[Supplied records]:

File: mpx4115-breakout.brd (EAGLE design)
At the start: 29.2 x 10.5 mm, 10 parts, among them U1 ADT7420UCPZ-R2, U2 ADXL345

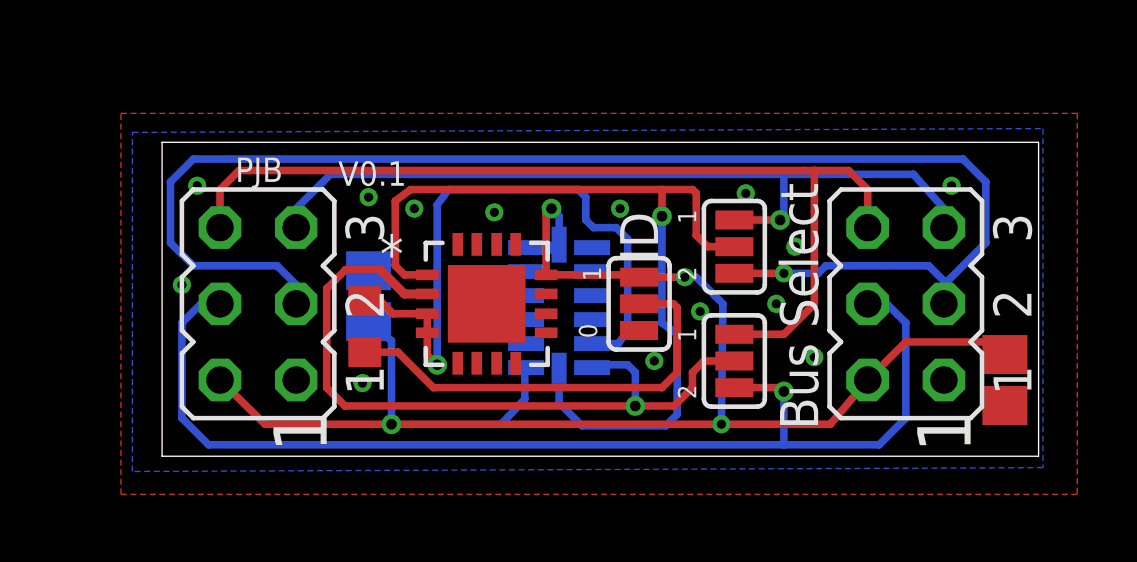
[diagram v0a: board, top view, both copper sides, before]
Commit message: breakout board for mpx4115 sensor with conditioning caps as reconmended in datasheet
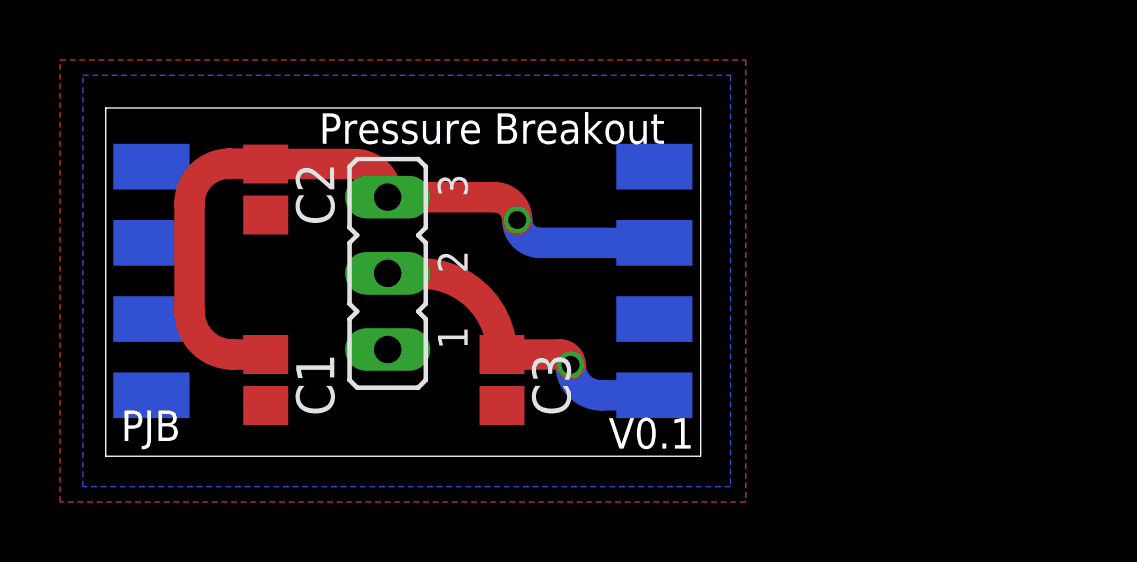
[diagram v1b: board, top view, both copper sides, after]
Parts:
- removed JP2, JP3: JUMPER-3SMD, SparkFun-Passives:SJ_3
- removed JP4, JP5: (no value), jumper:JP3Q
- removed R1: 10K, resistor:R0603
- removed U1: ADT7420UCPZ-R2, farnell-parts:QFN65P400X400X80-17N
- removed U2: ADXL345, SparkFun-Sensors:LGA14
- added C3: 470pF, resistor:C0805
- added U$1: MPX4115A, mountainsensing:MPX4115A
- C1: value (none) -> 1uF
- C2: value (none) -> 10nF
- JP1: value JUMPER-3SMD -> (none); device SparkFun-Passives:SJ_3 -> jumper:JP2
- moved C2 25.4 mm to (5.33, 8.89)
- moved JP1 8.44 mm to (9.40, 6.10)
- moved C1 4.42 mm to (5.33, 2.54), flipped to the top, turned to 270 degrees
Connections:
- removed net ADD: R1.2, U1.3, U1.4, U2.12
- removed net ADD_SEL: JP1.2, R1.1
- removed net SCL: JP3.2, U1.1, U2.14
- removed net SCL1: JP3.3, JP4.5, JP5.5
- removed net SCL2: JP3.1, JP4.3, JP5.3
- removed net SDA: JP2.2, U1.2, U2.13
- removed net SDA1: JP2.3, JP4.6, JP5.6
- removed net SDA2: JP2.1, JP4.4, JP5.4
- new net AOUT: C3.1, JP1.2, U$1.4
- net GND: now also C3.2, U$1.3; no longer JP4.1, JP5.1, U1.11, U2.2, U2.4, U2.5
- net VCC: now also U$1.2; no longer JP4.2, JP5.2, U1.12, U2.1, U2.6, U2.7
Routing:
- net SCL2: track 47.3 -> 0.00 mm, vias 1 -> 0
- net SDA2: track 37.8 -> 0.00 mm, vias 1 -> 0
- net SDA1: track 32.2 -> 0.00 mm
- net SCL: track 29.6 -> 0.00 mm, vias 1 -> 0
- net VCC: track 53.3 -> 23.9 mm, vias 4 -> 1
- net SCL1: track 26.9 -> 0.00 mm, vias 1 -> 0
- net SDA: track 24.7 -> 0.00 mm, vias 1 -> 0
- net ADD: track 21.6 -> 0.00 mm, vias 1 -> 0
- net ADD_SEL: track 14.6 -> 0.00 mm
- net AOUT: track 0.00 -> 10.6 mm, vias 0 -> 1
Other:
- board size 29.2 x 10.5 mm -> 19.8 x 11.6 mm
- board text added: "Pressure Breakout"
- board text removed: "0"
- board text removed: "1"
- board text removed: "2"
- board text removed: "Bus Select"
- board text removed: "ID"
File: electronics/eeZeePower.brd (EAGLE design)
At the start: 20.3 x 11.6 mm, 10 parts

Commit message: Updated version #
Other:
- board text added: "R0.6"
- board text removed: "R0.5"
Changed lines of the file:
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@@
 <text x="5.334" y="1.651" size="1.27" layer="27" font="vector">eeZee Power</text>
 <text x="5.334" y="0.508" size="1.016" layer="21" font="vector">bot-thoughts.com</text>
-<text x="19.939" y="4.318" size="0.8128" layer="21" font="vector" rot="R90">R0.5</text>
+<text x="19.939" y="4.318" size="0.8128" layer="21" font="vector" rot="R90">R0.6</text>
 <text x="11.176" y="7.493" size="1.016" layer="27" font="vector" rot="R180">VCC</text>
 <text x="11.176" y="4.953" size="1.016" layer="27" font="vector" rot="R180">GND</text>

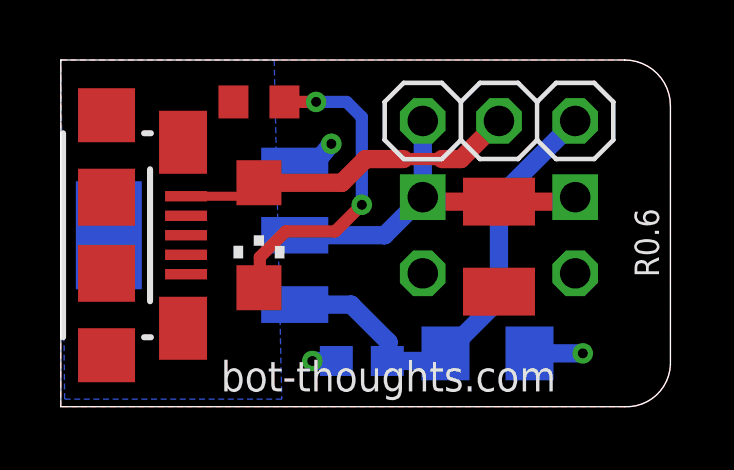
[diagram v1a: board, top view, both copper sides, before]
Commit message: updated silk, updated board name to microB
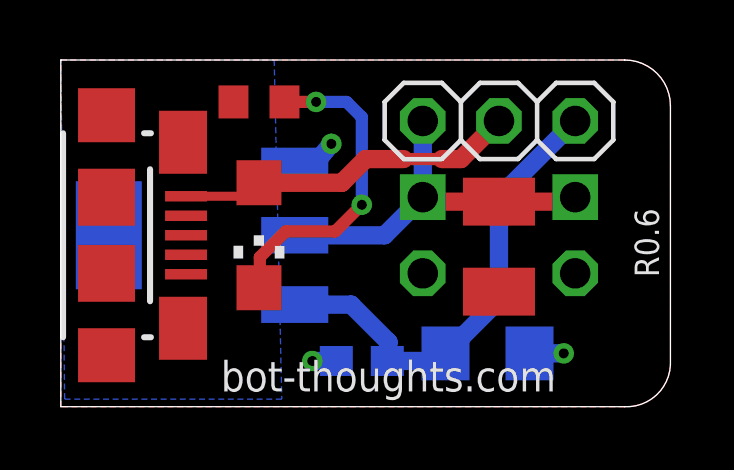
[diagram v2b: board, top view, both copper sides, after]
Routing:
- net GND: track 4.14 -> 3.51 mm
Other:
- board text added: "eeZeePowerμB"
- board text removed: "eeZee Power"
- board text removed: "μB"
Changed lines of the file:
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@@
 <wire x1="0" y1="11.557" x2="0" y2="0" width="0" layer="20"/>
 <text x="10.541" y="8.636" size="1.016" layer="27" font="vector" rot="R90">VU</text>
-<text x="5.334" y="1.651" size="1.27" layer="27" font="vector">eeZee Power</text>
+<text x="5.334" y="1.651" size="1.27" layer="27" font="vector">eeZeePowerμB</text>
 <text x="5.334" y="0.508" size="1.016" layer="21" font="vector">bot-thoughts.com</text>
 <text x="19.939" y="4.318" size="0.8128" layer="21" font="vector" rot="R90">R0.6</text>
@@
 <text x="11.176" y="4.953" size="1.016" layer="27" font="vector" rot="R180">GND</text>
 <text x="18.669" y="10.795" size="1.016" layer="27" font="vector" rot="R270">3V3</text>
-<text x="17.907" y="1.778" size="1.27" layer="27" font="vector">μB</text>
 </plain>
 <attributes>
@@
 <contactref element="JP1" pad="GND"/>
 <wire x1="9.183" y1="1.524" x2="8.382" y2="1.524" width="0.6096" layer="16"/>
-<wire x1="15.624" y1="1.778" x2="17.399" y2="1.778" width="0.6096" layer="16"/>
+<wire x1="15.624" y1="1.778" x2="16.764" y2="1.778" width="0.6096" layer="16"/>
 <via x="8.382" y="1.524" extent="1-16" drill="0.3302"/>
-<via x="17.399" y="1.778" extent="1-16" drill="0.3302"/>
+<via x="16.764" y="1.778" extent="1-16" drill="0.3302"/>
 <wire x1="7.7978" y1="8.0264" x2="8.4074" y2="8.0264" width="0.6096" layer="16"/>
 <wire x1="8.4074" y1="8.0264" x2="9.017" y2="8.763" width="0.6096" layer="16"/>
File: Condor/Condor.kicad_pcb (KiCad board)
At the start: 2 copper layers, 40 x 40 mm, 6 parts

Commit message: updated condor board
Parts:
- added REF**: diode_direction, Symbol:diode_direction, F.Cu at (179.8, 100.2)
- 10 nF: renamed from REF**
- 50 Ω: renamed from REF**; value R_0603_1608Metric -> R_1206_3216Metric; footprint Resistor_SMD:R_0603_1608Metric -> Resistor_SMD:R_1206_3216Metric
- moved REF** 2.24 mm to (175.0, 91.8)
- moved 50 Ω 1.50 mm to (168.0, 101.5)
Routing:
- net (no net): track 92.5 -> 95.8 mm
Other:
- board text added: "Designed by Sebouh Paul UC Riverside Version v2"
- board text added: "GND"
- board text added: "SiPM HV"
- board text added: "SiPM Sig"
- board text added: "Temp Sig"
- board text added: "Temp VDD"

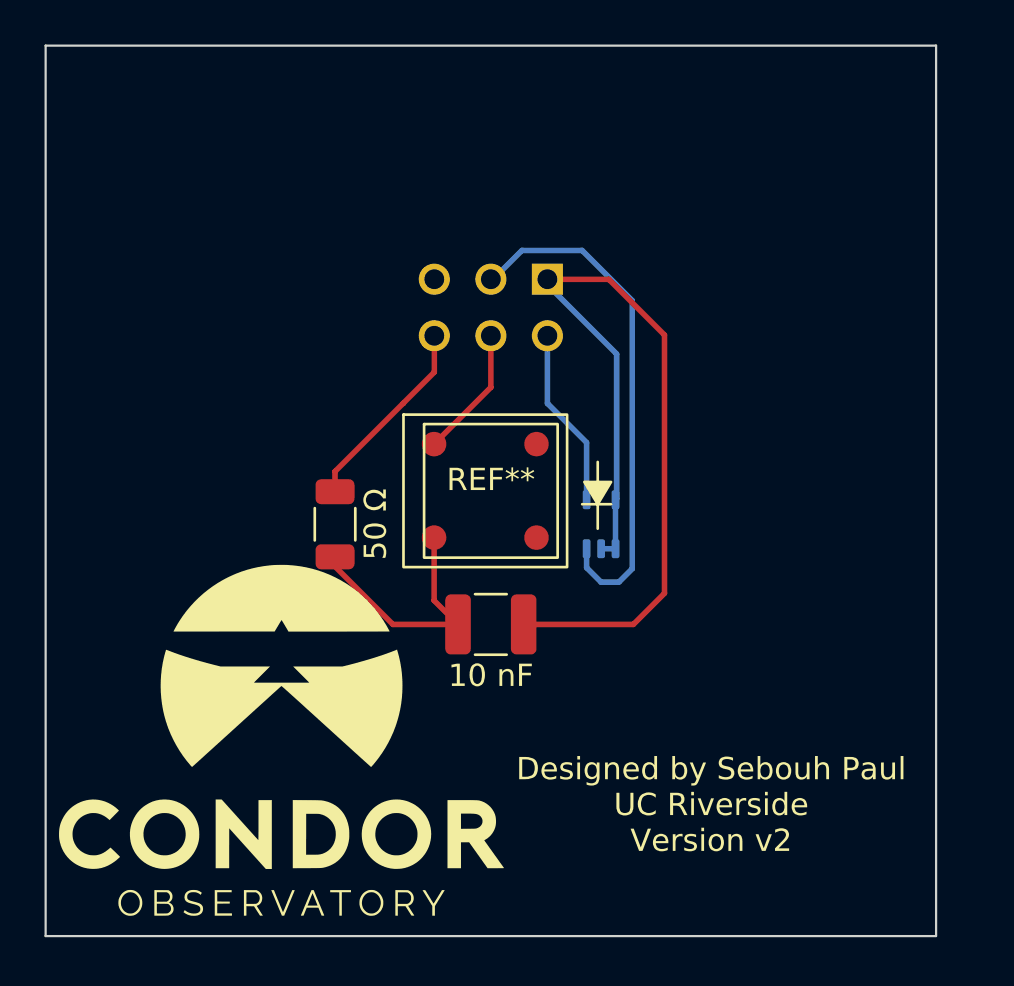
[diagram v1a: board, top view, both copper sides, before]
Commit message: updated condor board (v3, with 2 6-pin connectors, matching the uDAQ
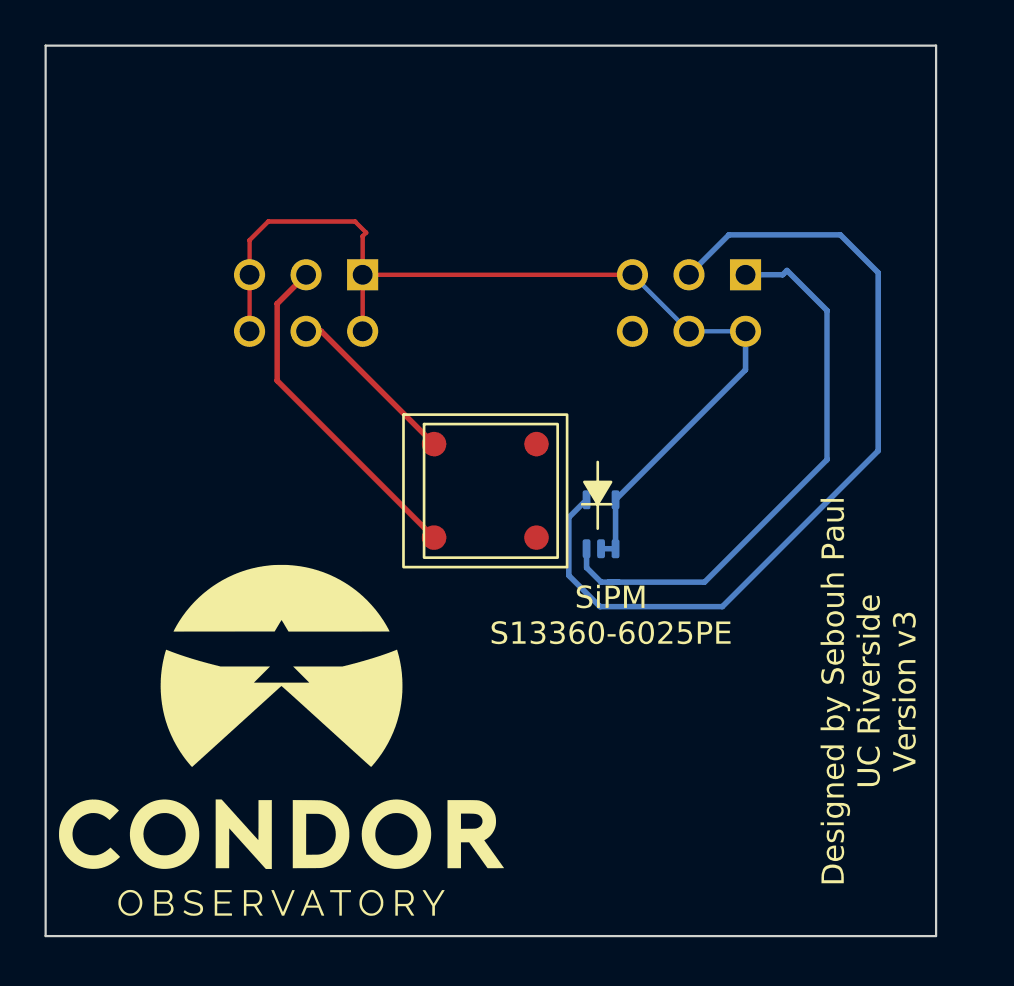
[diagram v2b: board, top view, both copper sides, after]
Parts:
- removed 10 nF: C_1210_3225Metric, Capacitor_SMD:C_1210_3225Metric
- removed 50 Ω: R_1206_3216Metric, Resistor_SMD:R_1206_3216Metric
- added REF**: TE_2-1761679-1, Connector_TE-Connectivity:TE_2-1761679-1, B.Cu at (183.9, 91.6)
- moved REF** 8.30 mm to (166.7, 91.6)
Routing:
- net (no net): track 95.8 -> 133.5 mm
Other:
- board text added: "ANODE"
- board text added: "CATHODE"
- board text added: "Connector for SiPM"
- board text added: "Connector for Temp"
- board text added: "Designed by Sebouh Paul UC Riverside Version v3"
- board text added: "OUT"
- board text added: "SiPM S13360-6025PE"
- board text added: "Temp Sensor LM94021QBIMG/NOPB"
- board text added: "Unused"
- board text added: "VDD"
- board text removed: "Designed by Sebouh Paul UC Riverside Version v2"
- board text removed: "SiPM HV"
- board text removed: "SiPM Sig"
- board text removed: "Temp Sig"
- board text removed: "Temp VDD"

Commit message: updated condor board (v4, with 2 6-pin connectors on left and right of center, matching the physical positions of the uDAQ pins)
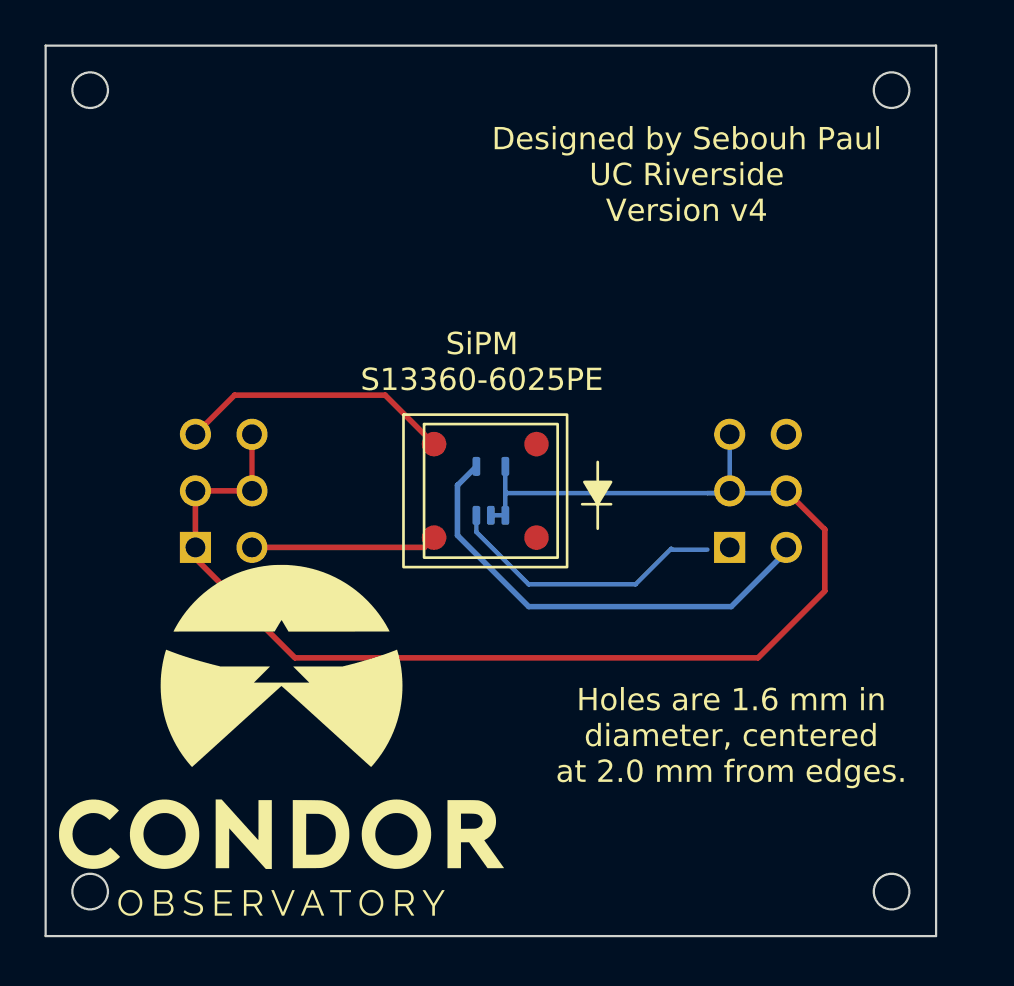
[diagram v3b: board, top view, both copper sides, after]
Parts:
- moved REF** 9.21 mm to (163.0, 100.0), turned to 90 degrees
- moved REF** 8.99 mm to (187.0, 100.0), turned to 90 degrees
- moved REF** 5.17 mm to (175.0, 100.0)
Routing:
- net (no net): track 133.5 -> 118.0 mm
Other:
- outline, holes or cut-outs redrawn
- board text added: "Designed by Sebouh Paul UC Riverside Version v4"
- board text added: "Holes are 1.6 mm in diameter, centered at 2.0 mm from edges."
- board text removed: "Connector for Temp"
- board text removed: "Designed by Sebouh Paul UC Riverside Version v3"
- board text removed: "Unused"

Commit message: updated condor board; added an additional label
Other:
- board text added: "Connector for temp sensor"
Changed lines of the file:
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@@
+    (effects (font (size 1 1) (thickness 0.15)) (justify mirror))
+  )
+  (gr_text "Connector for \ntemp sensor" (at 187.5 90.2) (layer "B.SilkS")
     (effects (font (size 1 1) (thickness 0.15)) (justify mirror))
   )

[Exercise brief]: Show every line from the entries above in which the word "degrees" appears.

[Exercise response]:
- moved C1 4.42 mm to (5.33, 2.54), flipped to the top, turned to 270 degrees
- moved REF** 9.21 mm to (163.0, 100.0), turned to 90 degrees
- moved REF** 8.99 mm to (187.0, 100.0), turned to 90 degrees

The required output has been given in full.